USDOT’s Crisis Management Center: Ready & Able 24/7/365
America’s transportation systems and infrastructure are fundamental to our nation’s security, safety and quality of life. That is why the Department’s Crisis Management Center (CMC) monitors America’s transportation systems and infrastructure 24-hours a day, every day. And that’s why I visited the CMC on my first day as Secretary of Transportation.
The CMC’s around-the-clock vigilance was instituted after the terrorist attacks of September 11, 2001. The men and women staffing the CMC are key to enabling the Department to develop and execute timely, coordinated responses to support life safety missions and to assist in the restoration of transportation infrastructure.

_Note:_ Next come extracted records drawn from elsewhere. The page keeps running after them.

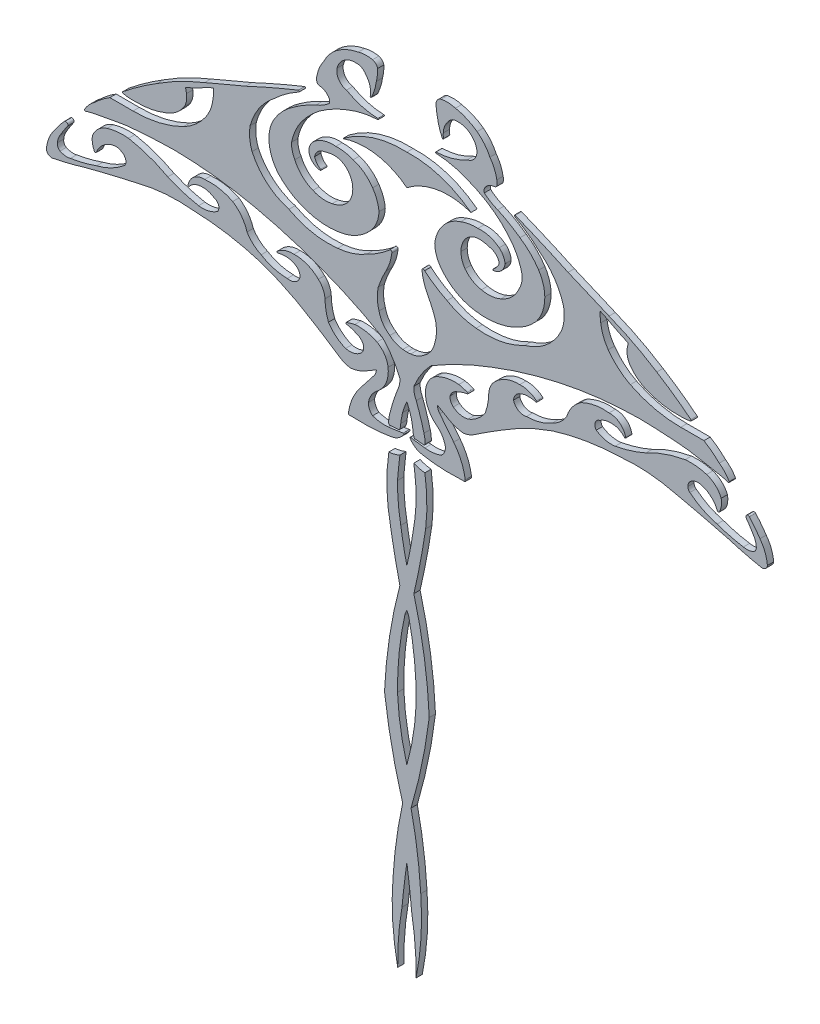
SolidWorks part; units mm, degrees
ref_plane "Front Plane" through (0, 0, 0) normal (0, 0, 1) x (1, 0, 0)
ref_plane "Top Plane" through (0, 0, 0) normal (0, 1, 0) x (1, 0, 0)
ref_plane "Right Plane" through (0, 0, 0) normal (1, 0, 0) x (0, 0, -1)
sketch "Sketch1" plane through (0, 0, 0) normal (0, 0, 1) x (1, 0, 0)
  line L0 (-378.0119, -291.6757) -> (723.9881, -291.6757) construction
  line L1 (0, 181.751) -> (0, -1116.5704) construction
  arc A0 (0, 0) -> (-102.3189, 16.8185) centre (-66.4769, -84.7774) ccw
  arc A1 (-102.3189, 16.8185) -> (0, 49.2353) centre (-6.7694, -107.0837) cw
  arc A2 (-46.483, 72.6334) -> (-96.5623, 86.847) centre (-42.9515, 180.406) cw
  arc A3 (-96.5623, 86.847) -> (-111.4389, 109.7382) centre (-92.7564, 105.6) cw
  arc A4 (-111.4389, 109.7382) -> (-82.2435, 131.9754) centre (-82.989, 102.6702) cw
  arc A5 (-82.2435, 131.9754) -> (-65.2385, 123.0329) centre (-80.0803, 115.4492) cw
  arc A6 (-65.2385, 123.0329) -> (-58.1804, 104.9836) centre (-86.4069, 104.3505) cw
  arc A7 (-58.1804, 104.9836) -> (-58.5682, 97.2174) centre (-81.9092, 102.2759) cw
  arc A8 (-58.5682, 97.2174) -> (-56.4425, 97.2174) centre (-57.5054, 97.2174) ccw
  arc A9 (-56.4425, 97.2174) -> (-48.7691, 122.5661) centre (-133.535, 134.3902) ccw
  arc A10 (-48.7691, 122.5661) -> (-46.7767, 141.444) centre (-115.5182, 139.1549) ccw
  arc A11 (-46.7767, 141.444) -> (-54.7054, 149.7875) centre (-57.8622, 138.8487) ccw
  arc A12 (-54.7054, 149.7875) -> (-77.6132, 148.8108) centre (-64.0956, 100.8971) ccw
  arc A13 (-112.1193, 133.6364) -> (-77.6132, 148.8108) centre (-61.5639, 65.4951) cw
  arc A14 (-112.1193, 133.6364) -> (-132.6666, 108.4613) centre (-72.6732, 80.4688) ccw
  arc A15 (-132.6666, 108.4613) -> (-143.7211, 82.666) centre (-82.6313, 71.7525) ccw
  arc A16 (-143.7211, 82.666) -> (-143.3742, 73.2976) centre (-127.6335, 78.571) ccw
  arc A17 (-143.3742, 73.2976) -> (-137.048, 71.0587) centre (-137.4037, 80.1106) ccw
  arc A18 (-137.048, 71.0587) -> (-126.2748, 64.5384) centre (-141.3136, 51.8507) cw
  arc A19 (-126.2748, 64.5384) -> (-123.7556, 54.7168) centre (-132.7532, 57.6428) cw
  arc A20 (-123.7556, 54.7168) -> (-145.0294, 41.952) centre (-168.0022, 104.3484) cw
  arc A21 (-145.0294, 41.952) -> (-180.6885, 21.1157) centre (-57.2788, -149.1556) ccw
  arc A22 (-180.6885, 21.1157) -> (-210.51, -8.7424) centre (-124.3326, -64.9924) ccw
  arc A23 (-210.51, -8.7424) -> (-220.3219, -40.8055) centre (-159.94, -41.7507) ccw
  arc A24 (-220.3219, -40.8055) -> (-206.0173, -82.3392) centre (-155.8049, -41.8154) ccw
  arc A25 (-206.0173, -82.3392) -> (-171.1908, -107.3688) centre (-131.9958, -16.0886) ccw
  arc A26 (-171.1908, -107.3688) -> (-108.8299, -115.592) centre (-126.2265, -6.9498) ccw
  arc A27 (-108.8299, -115.592) -> (-57.2788, -87.3333) centre (-119.7423, -34.5346) ccw
  arc A28 (-57.2788, -87.3333) -> (-44.4934, -55.3678) centre (-95.762, -53.4012) ccw
  arc A29 (-44.4934, -55.3678) -> (-54.7054, -27.6212) centre (-102.7057, -61.04) ccw
  arc A30 (-54.7054, -27.6212) -> (-85.7618, -4.1993) centre (-103.0408, -59.4111) ccw
  arc A31 (-85.7618, -4.1993) -> (-113.4484, 0.522) centre (-110.5767, -66.1782) ccw
  arc A32 (-113.4484, 0.522) -> (-147.4372, -9.344) centre (-118.1047, -46.9163) ccw
  arc A33 (-147.4372, -9.344) -> (-156.6796, -26.9832) centre (-132.5866, -28.3663) ccw
  arc A34 (-156.6796, -26.9832) -> (-148.8885, -41.1174) centre (-136.5721, -25.1138) ccw
  arc A35 (-148.8885, -41.1174) -> (-138.6418, -45.2059) centre (-138.1949, -29.2014) ccw
  arc A36 (-138.6418, -45.2059) -> (-137.9867, -43.384) centre (-138.3143, -44.295) ccw
  arc A37 (-137.9867, -43.384) -> (-147.4372, -30.7709) centre (-125.2796, -24.0161) cw
  arc A38 (-147.4372, -30.7709) -> (-131.9958, -16.0886) centre (-129.3273, -34.3561) cw
  arc A39 (-131.9958, -16.0886) -> (-115.5182, -13.2218) centre (-113.7987, -71.8932) cw
  arc A40 (-115.5182, -13.2218) -> (-95.3685, -21.9336) centre (-116.1464, -42.3331) cw
  arc A41 (-95.3685, -21.9336) -> (-86.4069, -45.0164) centre (-119.862, -44.7238) cw
  arc A42 (-86.4069, -45.0164) -> (-92.7564, -65.592) centre (-121.6366, -45.4124) cw
  arc A43 (-92.7564, -65.592) -> (-119.1175, -81.6215) centre (-126.143, -40.377) cw
  arc A44 (-119.1175, -81.6215) -> (-150.1147, -78.7107) centre (-130.2753, -33.9405) cw
  arc A45 (-150.1147, -78.7107) -> (-179.0485, -50.7531) centre (-130.1774, -29.1264) cw
  arc A46 (-179.0485, -50.7531) -> (-184.2649, -29.2014) centre (-143.3525, -30.7061) cw
  arc A47 (-184.2649, -29.2014) -> (-168.8065, 6.5252) centre (-88.1202, -49.5943) cw
  arc A48 (-168.8065, 6.5252) -> (-139.8467, 36.025) centre (-48.582, -82.5332) cw
  arc A49 (-139.8467, 36.025) -> (-96.2943, 59.6302) centre (-32.3236, -110.3788) cw
  arc A50 (-96.2943, 59.6302) -> (-46.4858, 70.9563) centre (-40.0511, -72.5255) cw
  arc A51 (-46.4858, 70.9563) -> (-46.2211, 70.9349) centre (-46.2211, 72.5858) ccw
  arc A52 (-46.483, 72.6334) -> (-46.2211, 70.9349) centre (-46.5389, 71.7553) cw
  arc A53 (-28.3634, -100.6488) -> (-24.094, -102.4231) centre (-26.2287, -101.5359) cw
  arc A54 (-24.094, -102.4231) -> (-33.2933, -131.6216) centre (-105.0337, -92.9706) cw
  arc A55 (-33.2933, -131.6216) -> (-45.6894, -160.3636) centre (125.294, -217.0624) ccw
  arc A56 (-45.6894, -160.3636) -> (-44.4934, -192.7226) centre (16.7734, -174.2566) ccw
  arc A57 (-44.4934, -192.7226) -> (-27.3102, -218.0138) centre (-4.5358, -184.0578) ccw
  arc A58 (-27.3102, -218.0138) -> (-6.3379, -226.8008) centre (-3.4306, -190.4404) ccw
  arc A59 (-6.3379, -226.8008) -> (0, -227.3075) centre (-0.7491, -196.7902) ccw
  arc A60 (-28.3634, -100.6488) -> (-64.0956, -123.9892) centre (-139.3306, 30.2111) cw
  arc A61 (-64.0956, -123.9892) -> (-110.5767, -139.0492) centre (-120.227, -30.0051) cw
  arc A62 (-110.5767, -139.0492) -> (-188.4818, -123.9892) centre (-125.8688, -9.1241) cw
  arc A63 (-188.4818, -123.9892) -> (-247.3115, -73.6071) centre (-163.5773, -35.3711) cw
  arc A64 (-247.3115, -73.6071) -> (-250.409, -39.3794) centre (-184.2686, -50.6478) cw
  arc A65 (-250.409, -39.3794) -> (-212.6275, 16.8185) centre (-147.4311, -67.8118) cw
  arc A66 (-212.6275, 16.8185) -> (-172.1247, 46.3083) centre (-80.3177, -122.3429) cw
  arc A67 (-172.1247, 46.3083) -> (-173.2239, 48.3275) centre (-172.6743, 47.3179) ccw
  arc A68 (-173.2239, 48.3275) -> (-257.5095, 11.6916) centre (435.89, -1468.2903) ccw
  arc A69 (-257.5095, 11.6916) -> (-322.9676, -16.0886) centre (2952.8946, -7643.9409) ccw
  arc A70 (-322.9676, -16.0886) -> (-399.1204, -55.3678) centre (-159.0907, -427.2672) ccw
  arc A71 (-399.1204, -55.3678) -> (-453.5942, -93.927) centre (-117.005, -511.6792) ccw
  arc A72 (-453.5942, -93.927) -> (-452.6062, -96.3822) centre (-452.8555, -95.0561) ccw
  arc A73 (-452.6062, -96.3822) -> (-433.1043, -97.7111) centre (-437.833, -23.3425) ccw
  arc A74 (-433.1043, -97.7111) -> (-384.6385, -88.7149) centre (-430.4793, 23.1966) ccw
  arc A75 (-384.6385, -88.7149) -> (-355.5562, -65.592) centre (-403.0323, -35.7301) ccw
  arc A76 (-355.5562, -65.592) -> (-351.9385, -45.7392) centre (-381.8686, -50.5412) ccw
  arc A77 (-351.9385, -45.7392) -> (-353.424, -39.4478) centre (-419.2638, -58.3153) ccw
  arc A78 (-353.424, -39.4478) -> (-352.9033, -37.7713) centre (-352.4454, -38.8327) cw
  arc A79 (-352.9033, -37.7713) -> (-330.511, -27.14) centre (-489.5739, 278.9889) ccw
  arc A80 (-330.511, -27.14) -> (-310.3, -16.9518) centre (-192.7234, -275.3373) cw
  arc A81 (-310.3, -16.9518) -> (-308.6385, -18.1987) centre (-309.6332, -17.7937) cw
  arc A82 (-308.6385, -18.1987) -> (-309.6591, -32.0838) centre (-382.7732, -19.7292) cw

The CMC, where the lights are always on, is prepared to ramp up operations at any moment. Most disasters happen with little or no warning but sometimes there is advance notice, such as during hurricane season. The 2017 and 2018 hurricane seasons were particularly eventful. In 2017, the CMC operated at a heightened pace for two months in response to Hurricanes Harvey, Irma and Maria. The 2017 season produced six major hurricanes (Category 3, 4 or 5), including the first two major hurricanes to hit the continental U.S. in 12 years. In 2018, 15 named storms have so far formed over the Atlantic Ocean and eight strengthened into hurricanes. That exceeds the 1981-2010 annual average of 12 named storms and 6 hurricanes. Hurricanes Florence, Olivia, Isaac, Michael and Typhoons Mangkhut and Yutu kept the CMC intensely busy for weeks at a time.
The CMC is the focal point for the Department’s interagency liaison and coordination with other Federal operations and watch centers. It is staffed full-time with personnel from the Office of Intelligence, Security, and Emergency Response. The Department’s modes also have staff in the CMC, such as Federal Motor Carrier Safety Administration’s Emergency Coordinator, Alex Keenan. In major incidents, Alex is among the many unsung heroes working overtime to assist people in disaster areas as he works to make sure trucks can get through to provide emergency supplies and transport the goods needed to help people survive and recover.
The hurricane season officially ends November 30. But for a long time to come thousands of Americans will continue to suffer the hardship of rebuilding damaged homes and businesses and reordering lives disrupted by the destructive storms of 2018. We should also keep in our thoughts and prayers those who still struggle to rebound from the devastating 2017 hurricane season. And let’s applaud the dedicated men and women who do the noble work in the CMC of being prepared at a moment’s notice to mobilize help for our fellow citizens during a crisis.